Now all we have to do is plug in our information, so a sub 1 is our first term, 8 times 1/2 squared now I want to simplify this up. So 1/2 squared is one-fourth times 8 is 2, so I know that my first term is actually 2. 1 minus r is 1/2 to the n and we're left with 1 minus 1/2.
We need to plug in for this n now, we can't have any variables in our equation, what we need to do is figure out the number of terms we're dealing with. This is a little bit harder let's go back to our initial statement.
So what happens is we first plug in 2, 3 then 4, 5, 6 and 7, so we actually have 6 terms we're evaluating in this series. This one is really easy to count we're only going from 2 to 7, but what if it was 2 to 147, we don't want to count all those out, so how we figure out how many terms are is always the difference between your top and your bottom plus 1, we said they're 6, the difference here is 5 we need to add that 1 in to count because in subtraction we actually don't include both end points, we just include one so we need to add in that one to make it work. So our n is 6 in this case let's go back and plug in our equation. So this is 6 and then depending on your teacher is will vary how much you have to simplify this up.

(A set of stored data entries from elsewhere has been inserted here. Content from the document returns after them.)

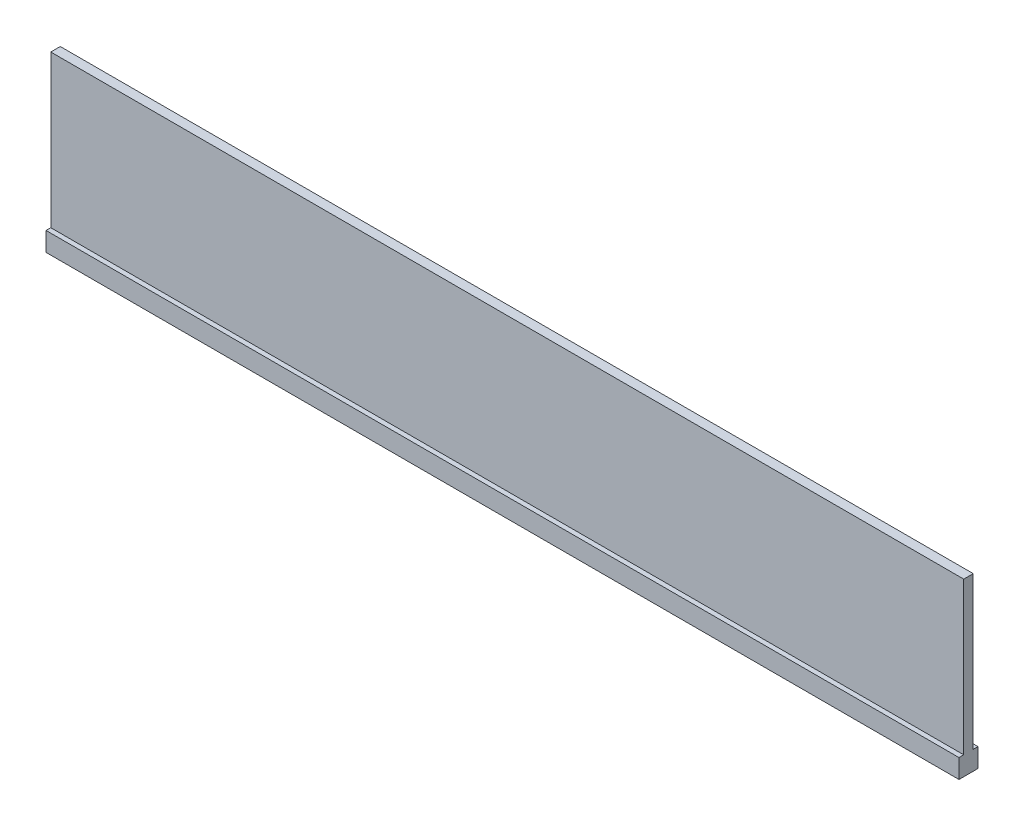
ISO-10303-21;
HEADER;
FILE_DESCRIPTION(('STEP AP214'),'2;1');
FILE_NAME('part.step','',(''),(''),'','','');
FILE_SCHEMA(('AUTOMOTIVE_DESIGN { 1 0 10303 214 1 1 1 1 }'));
ENDSEC;
DATA;
#1=APPLICATION_CONTEXT('core data for automotive mechanical design processes');
#2=APPLICATION_PROTOCOL_DEFINITION('international standard','automotive_design',2000,#1);
#3=PRODUCT_CONTEXT('',#1,'mechanical');
#4=PRODUCT('Part','Part','',(#3));
#5=PRODUCT_RELATED_PRODUCT_CATEGORY('part','',(#4));
#6=PRODUCT_DEFINITION_FORMATION('','',#4);
#7=PRODUCT_DEFINITION_CONTEXT('part definition',#1,'design');
#8=PRODUCT_DEFINITION('design','',#6,#7);
#9=PRODUCT_DEFINITION_SHAPE('','',#8);
#10=(LENGTH_UNIT() NAMED_UNIT(*) SI_UNIT(.MILLI.,.METRE.));
#11=(NAMED_UNIT(*) PLANE_ANGLE_UNIT() SI_UNIT($,.RADIAN.));
#12=(NAMED_UNIT(*) SI_UNIT($,.STERADIAN.) SOLID_ANGLE_UNIT());
#13=UNCERTAINTY_MEASURE_WITH_UNIT(LENGTH_MEASURE(1.E-05),#10,'distance_accuracy_value','');
#14=(GEOMETRIC_REPRESENTATION_CONTEXT(3) GLOBAL_UNCERTAINTY_ASSIGNED_CONTEXT((#13)) GLOBAL_UNIT_ASSIGNED_CONTEXT((#10,
#11,#12)) REPRESENTATION_CONTEXT('',''));
#15=CARTESIAN_POINT('',(0.,0.,0.));
#16=DIRECTION('',(0.,0.,1.));
#17=DIRECTION('',(1.,0.,0.));
#18=AXIS2_PLACEMENT_3D('',#15,#16,#17);
#19=CARTESIAN_POINT('',(-91.3738160528579,28.9978047832589,1.5875));
#20=DIRECTION('',(1.,0.,0.));
#21=DIRECTION('',(0.,1.,0.));
#22=AXIS2_PLACEMENT_3D('',#19,#20,#21);
#23=PLANE('',#22);
#24=DIRECTION('',(0.,-1.,0.));
#25=VECTOR('',#24,1.);
#26=CARTESIAN_POINT('',(-91.3738160528579,28.9978047832589,0.));
#27=LINE('',#26,#25);
#28=CARTESIAN_POINT('',(-91.3738160528579,54.3978047832589,0.));
#29=VERTEX_POINT('',#28);
#30=CARTESIAN_POINT('',(-91.3738160528579,28.9978047832589,0.));
#31=VERTEX_POINT('',#30);
#32=EDGE_CURVE('E104',#29,#31,#27,.T.);
#33=ORIENTED_EDGE('',*,*,#32,.T.);
#34=DIRECTION('',(0.,0.,-1.));
#35=VECTOR('',#34,1.);
#36=CARTESIAN_POINT('',(-91.3738160528579,28.9978047832589,-0.79375));
#37=LINE('',#36,#35);
#38=CARTESIAN_POINT('',(-91.3738160528579,28.9978047832589,-0.79375));
#39=VERTEX_POINT('',#38);
#40=EDGE_CURVE('E222',#31,#39,#37,.T.);
#41=ORIENTED_EDGE('',*,*,#40,.T.);
#42=DIRECTION('',(0.,-1.,0.));
#43=VECTOR('',#42,1.);
#44=CARTESIAN_POINT('',(-91.3738160528579,28.9978047832589,-0.79375));
#45=LINE('',#44,#43);
#46=CARTESIAN_POINT('',(-91.3738160528579,25.8228047832589,-0.793749999999999));
#47=VERTEX_POINT('',#46);
#48=EDGE_CURVE('E218',#39,#47,#45,.T.);
#49=ORIENTED_EDGE('',*,*,#48,.T.);
#50=DIRECTION('',(0.,0.,1.));
#51=VECTOR('',#50,1.);
#52=CARTESIAN_POINT('',(-91.3738160528579,25.8228047832589,-0.793749999999999));
#53=LINE('',#52,#51);
#54=CARTESIAN_POINT('',(-91.3738160528579,25.8228047832589,2.38125));
#55=VERTEX_POINT('',#54);
#56=EDGE_CURVE('E205',#47,#55,#53,.T.);
#57=ORIENTED_EDGE('',*,*,#56,.T.);
#58=DIRECTION('',(0.,1.,0.));
#59=VECTOR('',#58,1.);
#60=CARTESIAN_POINT('',(-91.3738160528579,28.9978047832589,2.38125));
#61=LINE('',#60,#59);
#62=CARTESIAN_POINT('',(-91.3738160528579,28.9978047832589,2.38125));
#63=VERTEX_POINT('',#62);
#64=EDGE_CURVE('E217',#55,#63,#61,.T.);
#65=ORIENTED_EDGE('',*,*,#64,.T.);
#66=CARTESIAN_POINT('',(-91.3738160528579,28.9978047832589,1.5875));
#67=VERTEX_POINT('',#66);
#68=EDGE_CURVE('E229',#63,#67,#37,.T.);
#69=ORIENTED_EDGE('',*,*,#68,.T.);
#70=DIRECTION('',(0.,-1.,0.));
#71=VECTOR('',#70,1.);
#72=CARTESIAN_POINT('',(-91.3738160528579,28.9978047832589,1.5875));
#73=LINE('',#72,#71);
#74=CARTESIAN_POINT('',(-91.3738160528579,54.3978047832589,1.5875));
#75=VERTEX_POINT('',#74);
#76=EDGE_CURVE('E97',#75,#67,#73,.T.);
#77=ORIENTED_EDGE('',*,*,#76,.F.);
#78=DIRECTION('',(0.,0.,-1.));
#79=VECTOR('',#78,1.);
#80=CARTESIAN_POINT('',(-91.3738160528579,54.3978047832589,1.5875));
#81=LINE('',#80,#79);
#82=EDGE_CURVE('E41',#75,#29,#81,.T.);
#83=ORIENTED_EDGE('',*,*,#82,.T.);
#84=EDGE_LOOP('',(#33,#41,#49,#57,#65,#69,#77,#83));
#85=FACE_BOUND('',#84,.T.);
#86=ADVANCED_FACE('F33',(#85),#23,.F.);
#87=CARTESIAN_POINT('',(61.0261839471421,28.9978047832589,1.5875));
#88=DIRECTION('',(-1.,0.,0.));
#89=DIRECTION('',(0.,0.,1.));
#90=AXIS2_PLACEMENT_3D('',#87,#88,#89);
#91=PLANE('',#90);
#92=DIRECTION('',(0.,1.,0.));
#93=VECTOR('',#92,1.);
#94=CARTESIAN_POINT('',(61.0261839471421,28.9978047832589,0.));
#95=LINE('',#94,#93);
#96=CARTESIAN_POINT('',(61.0261839471421,28.997804783259,0.));
#97=VERTEX_POINT('',#96);
#98=CARTESIAN_POINT('',(61.0261839471421,54.3978047832589,0.));
#99=VERTEX_POINT('',#98);
#100=EDGE_CURVE('E61',#97,#99,#95,.T.);
#101=ORIENTED_EDGE('',*,*,#100,.T.);
#102=DIRECTION('',(0.,0.,-1.));
#103=VECTOR('',#102,1.);
#104=CARTESIAN_POINT('',(61.0261839471421,54.3978047832589,1.5875));
#105=LINE('',#104,#103);
#106=CARTESIAN_POINT('',(61.0261839471421,54.3978047832589,1.5875));
#107=VERTEX_POINT('',#106);
#108=EDGE_CURVE('E11',#107,#99,#105,.T.);
#109=ORIENTED_EDGE('',*,*,#108,.F.);
#110=DIRECTION('',(0.,1.,0.));
#111=VECTOR('',#110,1.);
#112=CARTESIAN_POINT('',(61.0261839471421,28.9978047832589,1.5875));
#113=LINE('',#112,#111);
#114=CARTESIAN_POINT('',(61.0261839471421,28.9978047832589,1.5875));
#115=VERTEX_POINT('',#114);
#116=EDGE_CURVE('E95',#115,#107,#113,.T.);
#117=ORIENTED_EDGE('',*,*,#116,.F.);
#118=DIRECTION('',(0.,0.,-1.));
#119=VECTOR('',#118,1.);
#120=CARTESIAN_POINT('',(61.0261839471421,28.997804783259,-0.79375));
#121=LINE('',#120,#119);
#122=CARTESIAN_POINT('',(61.0261839471421,28.997804783259,2.38125));
#123=VERTEX_POINT('',#122);
#124=EDGE_CURVE('E79',#123,#115,#121,.T.);
#125=ORIENTED_EDGE('',*,*,#124,.F.);
#126=DIRECTION('',(0.,1.,0.));
#127=VECTOR('',#126,1.);
#128=CARTESIAN_POINT('',(61.0261839471421,28.997804783259,2.38125));
#129=LINE('',#128,#127);
#130=CARTESIAN_POINT('',(61.0261839471421,25.822804783259,2.38125));
#131=VERTEX_POINT('',#130);
#132=EDGE_CURVE('E242',#131,#123,#129,.T.);
#133=ORIENTED_EDGE('',*,*,#132,.F.);
#134=DIRECTION('',(0.,0.,1.));
#135=VECTOR('',#134,1.);
#136=CARTESIAN_POINT('',(61.0261839471421,25.822804783259,-0.793749999999999));
#137=LINE('',#136,#135);
#138=CARTESIAN_POINT('',(61.0261839471421,25.822804783259,-0.793749999999999));
#139=VERTEX_POINT('',#138);
#140=EDGE_CURVE('E240',#139,#131,#137,.T.);
#141=ORIENTED_EDGE('',*,*,#140,.F.);
#142=DIRECTION('',(0.,-1.,0.));
#143=VECTOR('',#142,1.);
#144=CARTESIAN_POINT('',(61.0261839471421,28.997804783259,-0.79375));
#145=LINE('',#144,#143);
#146=CARTESIAN_POINT('',(61.0261839471421,28.997804783259,-0.79375));
#147=VERTEX_POINT('',#146);
#148=EDGE_CURVE('E231',#147,#139,#145,.T.);
#149=ORIENTED_EDGE('',*,*,#148,.F.);
#150=EDGE_CURVE('E92',#97,#147,#121,.T.);
#151=ORIENTED_EDGE('',*,*,#150,.F.);
#152=EDGE_LOOP('',(#101,#109,#117,#125,#133,#141,#149,#151));
#153=FACE_BOUND('',#152,.T.);
#154=ADVANCED_FACE('F99',(#153),#91,.F.);
#155=CARTESIAN_POINT('',(-91.3738160528579,54.3978047832589,1.5875));
#156=DIRECTION('',(0.,-1.,0.));
#157=DIRECTION('',(0.,0.,-1.));
#158=AXIS2_PLACEMENT_3D('',#155,#156,#157);
#159=PLANE('',#158);
#160=DIRECTION('',(-1.,0.,0.));
#161=VECTOR('',#160,1.);
#162=CARTESIAN_POINT('',(-91.3738160528579,54.3978047832589,0.));
#163=LINE('',#162,#161);
#164=EDGE_CURVE('E110',#99,#29,#163,.T.);
#165=ORIENTED_EDGE('',*,*,#164,.T.);
#166=ORIENTED_EDGE('',*,*,#82,.F.);
#167=DIRECTION('',(-1.,0.,0.));
#168=VECTOR('',#167,1.);
#169=CARTESIAN_POINT('',(-91.3738160528579,54.3978047832589,1.5875));
#170=LINE('',#169,#168);
#171=EDGE_CURVE('E49',#107,#75,#170,.T.);
#172=ORIENTED_EDGE('',*,*,#171,.F.);
#173=ORIENTED_EDGE('',*,*,#108,.T.);
#174=EDGE_LOOP('',(#165,#166,#172,#173));
#175=FACE_BOUND('',#174,.T.);
#176=ADVANCED_FACE('F119',(#175),#159,.F.);
#177=CARTESIAN_POINT('',(0.,0.,1.5875));
#178=DIRECTION('',(0.,0.,-1.));
#179=DIRECTION('',(-1.,0.,0.));
#180=AXIS2_PLACEMENT_3D('',#177,#178,#179);
#181=PLANE('',#180);
#182=ORIENTED_EDGE('',*,*,#76,.T.);
#183=DIRECTION('',(1.,0.,0.));
#184=VECTOR('',#183,1.);
#185=CARTESIAN_POINT('',(-91.3738160528579,28.9978047832589,1.5875));
#186=LINE('',#185,#184);
#187=EDGE_CURVE('E83',#67,#115,#186,.T.);
#188=ORIENTED_EDGE('',*,*,#187,.T.);
#189=ORIENTED_EDGE('',*,*,#116,.T.);
#190=ORIENTED_EDGE('',*,*,#171,.T.);
#191=EDGE_LOOP('',(#182,#188,#189,#190));
#192=FACE_BOUND('',#191,.T.);
#193=ADVANCED_FACE('F94',(#192),#181,.F.);
#194=CARTESIAN_POINT('',(0.,0.,0.));
#195=DIRECTION('',(0.,0.,-1.));
#196=DIRECTION('',(-1.,0.,0.));
#197=AXIS2_PLACEMENT_3D('',#194,#195,#196);
#198=PLANE('',#197);
#199=ORIENTED_EDGE('',*,*,#32,.F.);
#200=ORIENTED_EDGE('',*,*,#164,.F.);
#201=ORIENTED_EDGE('',*,*,#100,.F.);
#202=DIRECTION('',(1.,0.,0.));
#203=VECTOR('',#202,1.);
#204=CARTESIAN_POINT('',(-91.3738160528579,28.9978047832589,0.));
#205=LINE('',#204,#203);
#206=EDGE_CURVE('E70',#31,#97,#205,.T.);
#207=ORIENTED_EDGE('',*,*,#206,.F.);
#208=EDGE_LOOP('',(#199,#200,#201,#207));
#209=FACE_BOUND('',#208,.T.);
#210=ADVANCED_FACE('F118',(#209),#198,.T.);
#211=CARTESIAN_POINT('',(61.0261839471421,28.997804783259,-0.79375));
#212=DIRECTION('',(0.,1.,0.));
#213=DIRECTION('',(-1.,0.,0.));
#214=AXIS2_PLACEMENT_3D('',#211,#212,#213);
#215=PLANE('',#214);
#216=ORIENTED_EDGE('',*,*,#187,.F.);
#217=ORIENTED_EDGE('',*,*,#68,.F.);
#218=DIRECTION('',(-1.,0.,0.));
#219=VECTOR('',#218,1.);
#220=CARTESIAN_POINT('',(61.0261839471421,28.997804783259,2.38125));
#221=LINE('',#220,#219);
#222=EDGE_CURVE('E87',#123,#63,#221,.T.);
#223=ORIENTED_EDGE('',*,*,#222,.F.);
#224=ORIENTED_EDGE('',*,*,#124,.T.);
#225=EDGE_LOOP('',(#216,#217,#223,#224));
#226=FACE_BOUND('',#225,.T.);
#227=ADVANCED_FACE('F81',(#226),#215,.T.);
#228=CARTESIAN_POINT('',(61.0261839471421,28.997804783259,-0.79375));
#229=DIRECTION('',(0.,0.,-1.));
#230=DIRECTION('',(0.,1.,0.));
#231=AXIS2_PLACEMENT_3D('',#228,#229,#230);
#232=PLANE('',#231);
#233=ORIENTED_EDGE('',*,*,#48,.F.);
#234=DIRECTION('',(-1.,0.,0.));
#235=VECTOR('',#234,1.);
#236=CARTESIAN_POINT('',(61.0261839471421,28.997804783259,-0.79375));
#237=LINE('',#236,#235);
#238=EDGE_CURVE('E107',#147,#39,#237,.T.);
#239=ORIENTED_EDGE('',*,*,#238,.F.);
#240=ORIENTED_EDGE('',*,*,#148,.T.);
#241=DIRECTION('',(-1.,0.,0.));
#242=VECTOR('',#241,1.);
#243=CARTESIAN_POINT('',(61.0261839471421,25.822804783259,-0.793749999999999));
#244=LINE('',#243,#242);
#245=EDGE_CURVE('E91',#139,#47,#244,.T.);
#246=ORIENTED_EDGE('',*,*,#245,.T.);
#247=EDGE_LOOP('',(#233,#239,#240,#246));
#248=FACE_BOUND('',#247,.T.);
#249=ADVANCED_FACE('F159',(#248),#232,.T.);
#250=ORIENTED_EDGE('',*,*,#40,.F.);
#251=ORIENTED_EDGE('',*,*,#206,.T.);
#252=ORIENTED_EDGE('',*,*,#150,.T.);
#253=ORIENTED_EDGE('',*,*,#238,.T.);
#254=EDGE_LOOP('',(#250,#251,#252,#253));
#255=FACE_BOUND('',#254,.T.);
#256=ADVANCED_FACE('F161',(#255),#215,.T.);
#257=CARTESIAN_POINT('',(61.0261839471421,28.997804783259,2.38125));
#258=DIRECTION('',(0.,0.,1.));
#259=DIRECTION('',(0.,-1.,0.));
#260=AXIS2_PLACEMENT_3D('',#257,#258,#259);
#261=PLANE('',#260);
#262=ORIENTED_EDGE('',*,*,#64,.F.);
#263=DIRECTION('',(-1.,0.,0.));
#264=VECTOR('',#263,1.);
#265=CARTESIAN_POINT('',(61.0261839471421,25.822804783259,2.38125));
#266=LINE('',#265,#264);
#267=EDGE_CURVE('E213',#131,#55,#266,.T.);
#268=ORIENTED_EDGE('',*,*,#267,.F.);
#269=ORIENTED_EDGE('',*,*,#132,.T.);
#270=ORIENTED_EDGE('',*,*,#222,.T.);
#271=EDGE_LOOP('',(#262,#268,#269,#270));
#272=FACE_BOUND('',#271,.T.);
#273=ADVANCED_FACE('F178',(#272),#261,.T.);
#274=CARTESIAN_POINT('',(61.0261839471421,25.822804783259,-0.793749999999999));
#275=DIRECTION('',(0.,-1.,0.));
#276=DIRECTION('',(1.,0.,0.));
#277=AXIS2_PLACEMENT_3D('',#274,#275,#276);
#278=PLANE('',#277);
#279=ORIENTED_EDGE('',*,*,#56,.F.);
#280=ORIENTED_EDGE('',*,*,#245,.F.);
#281=ORIENTED_EDGE('',*,*,#140,.T.);
#282=ORIENTED_EDGE('',*,*,#267,.T.);
#283=EDGE_LOOP('',(#279,#280,#281,#282));
#284=FACE_BOUND('',#283,.T.);
#285=ADVANCED_FACE('F186',(#284),#278,.T.);
#286=CLOSED_SHELL('',(#86,#154,#176,#193,#210,#227,#249,#256,#273,#285));
#287=MANIFOLD_SOLID_BREP('B2',#286);
#288=ADVANCED_BREP_SHAPE_REPRESENTATION('',(#18,#287),#14);
#289=SHAPE_DEFINITION_REPRESENTATION(#9,#288);
ENDSEC;
END-ISO-10303-21;

In general I wont want my students to simplify the coefficient and the denominator but then leave the term in the parenthesis alone. So if I were to do this, I would get one minus 1/2 is just 1/2, 2 divided by 1/2 is just 4, remember we flip then multiply so what this turns out to be is 4 times 1 minus 1/2 to the sixth.
I would be perfectly happy with this, if you want to plug in your calculator to evaluate it you could as well. So what we did is we went from a summation notation, wrote out a couple of terms to see what kind of patterns we could see, once we did that we were able to plug it in into the formula we know for finding geometric series plug in what we can find for our a sub 1 and our r then simplify it.